Quand une personne souffre d’une maladie, tout semble tourner autour d’elle et les aidants semblent s’éteindre, ou donner l’impression à leur tour d’être envahissants quand ils ne demanderaient parfois qu’à souffler quelques instants. Le rôle de Leïla Bekhti en est le parfait exemple. C’est une mère qui se retrouve avec deux enfants, son fils, et l’amour de sa vie, qu’elle protège, réprimande et pour lesquels elle doit faire preuve de patience. « Tu es trop haut », « Il faut que tu dormes » ou encore, « Je ne vais pas tenir », voilà ce qu’elle répète sans cesse à Damien qui fait la sourde oreille tel un pré-ado en rébellion. Une Leila qui nous semble presque fatigante et rabat-joie tellement elle anticipe pour deux, tellement elle est inquiète. Si bien qu’au fil du film on se demande si une forme de folie ne la gagne pas elle aussi. Leur amour ne semble tenir qu’à une énième crise, et pourtant il est bien là, profond et solide malgré tout.

Les Intranquilles c’est une déclaration d’amour qui lutte au quotidien. Elle se diffuse de la plus belle des manières à travers les regards que Leila porte sur Damien, notamment lors d’une séquence en voiture sur fond d’une musique intradiégétique, Idées noires de Bernard Lavilliers. C’est une métaphore musicale de leur amour, d’une folie douce et furieuse qui les propulse de haut en bas. Cette chanson culte de Lavilliers porte en elle toute l’énergie du désespoir avec des paroles sombres qui naviguent pourtant sur une musique rock et entrainante, sortie du fin fond de la dépression que vivait le chanteur à l’époque.

Quand le regard de Leila couve Damien, celui d’Amine couve ses parents : une scène familiale enveloppante, quand l’enfant se retrouve observateur de l’amour et de la complicité entre ses parents. Et c’est tout ce qui fait la vibration du film. Il a beau parler de bipolarité, il raconte surtout une histoire familiale, certes unique, mais qui ne décroche pas totalement d’une certaine petite universalité. On touche au psychique, et pourtant il n’y a pas ou peu de scène à l’hôpital, même lorsque Damien y part en soins, il disparaît alors de l’écran. La maladie se vit essentiellement au cœur de la maison ou dans l’atelier de Damien.

Un film à l’esprit bien ancré dans la réalité d’aujourd’hui

Les Intranquilles s’inscrit dans notre temps, dans nos vies, et je dois dire que c’est la première fois que je me retrouve face à un film où un autre parasite, maintenant bien connu, s’invite à l’écran : le COVID et sa clique, le masque et le confinement. Le cinéaste parle d’ailleurs de cette notion du « réel qui vient cogner » douloureusement. Pour certains, rien de bancal à l’horizon, pour d’autres, l’enfermement physique a également engendré un enfermement psychique. Tout comme d’autres non pas eu à attendre le COVID pour expérimenter toutes sortes de souffrances morales, le film raconte ce qui se passe et ce(ux) qui reste(nt) quand tout semble partir en vrille.
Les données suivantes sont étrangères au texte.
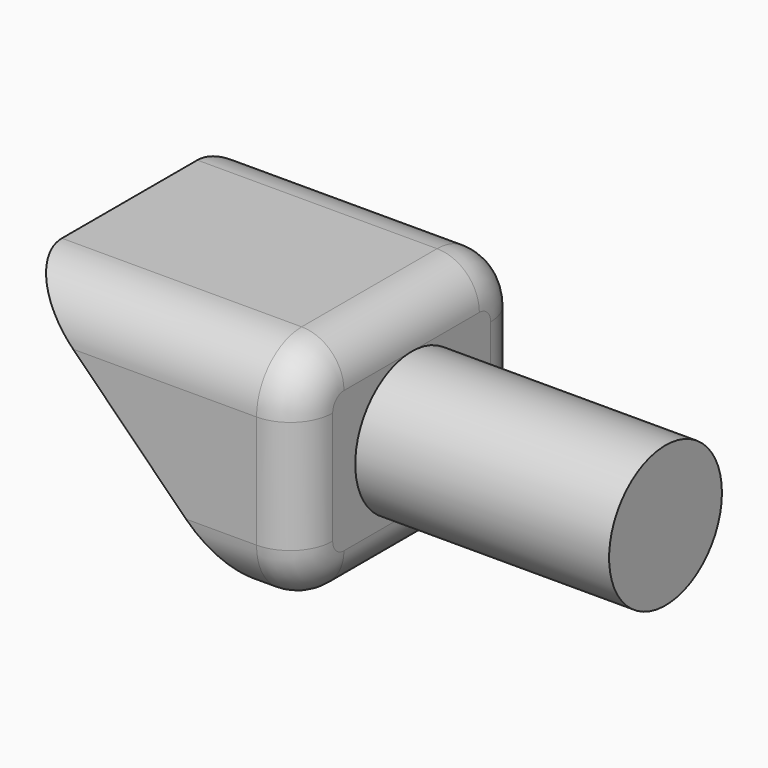
from build123d import *

# Parameters (mm, degrees)
F0_W     = 10
F0_H     = 8
F1_DEPTH = 5
F3_DEPTH = 10.001
F4_R     = 2.5
F5_DEPTH = 9
F6_R     = 2
F7_R     = 1.49999


# Not quite as in the source:
# - a fillet or chamfer is up to 0.001 mm smaller than in the source, because OpenCascade refuses the exact size


with BuildPart() as f1:
    # F0 (on Front) → F1 (new body, symmetric)
    with BuildSketch(Plane.XZ):
        Rectangle(F0_W, F0_H)
    extrude(amount=F1_DEPTH, both=True)

    # F2 (on face) → F3 (cut, through all)
    with BuildSketch(Plane.XZ.offset(5)):
        Polygon((3, -4), (-5, 4), (-5, -4), align=None)
    extrude(amount=-F3_DEPTH, mode=Mode.SUBTRACT)

    # F4 (on face) → F5 (join)
    with BuildSketch(Plane.YZ.offset(5)):
        Circle(F4_R)
    extrude(amount=F5_DEPTH)

    # F6
    f6_edges = [f1.edges().sort_by_distance(p)[0] for p in [
        (0, -5, 4),
        (0, 5, 4),
        (4, -5, -4),
        (4, 5, -4),
    ]]
    fillet(f6_edges, radius=F6_R)

    # F7 (radius 1.5 in the source; OpenCascade refuses exactly that, so slightly less here)
    f7_edges = [f1.edges().sort_by_distance(p)[0] for p in [
        (5, -5, 0),
    ]]
    fillet(f7_edges, radius=F7_R)


solid = f1.part

La fin du film n’a pas été réellement écrite et cela se ressent à l’écran. Maladroite ou judicieuse, elle semble imager toutefois la bipolarité : pas de happy ending, ni de fatalité, on ne peut guérir de cette psychose, seulement vivre avec et tenter de la modérer, et pour ce faire, il faut déjà qu’elle soit reconnue et acceptée, de la sphère privée à la sphère publique.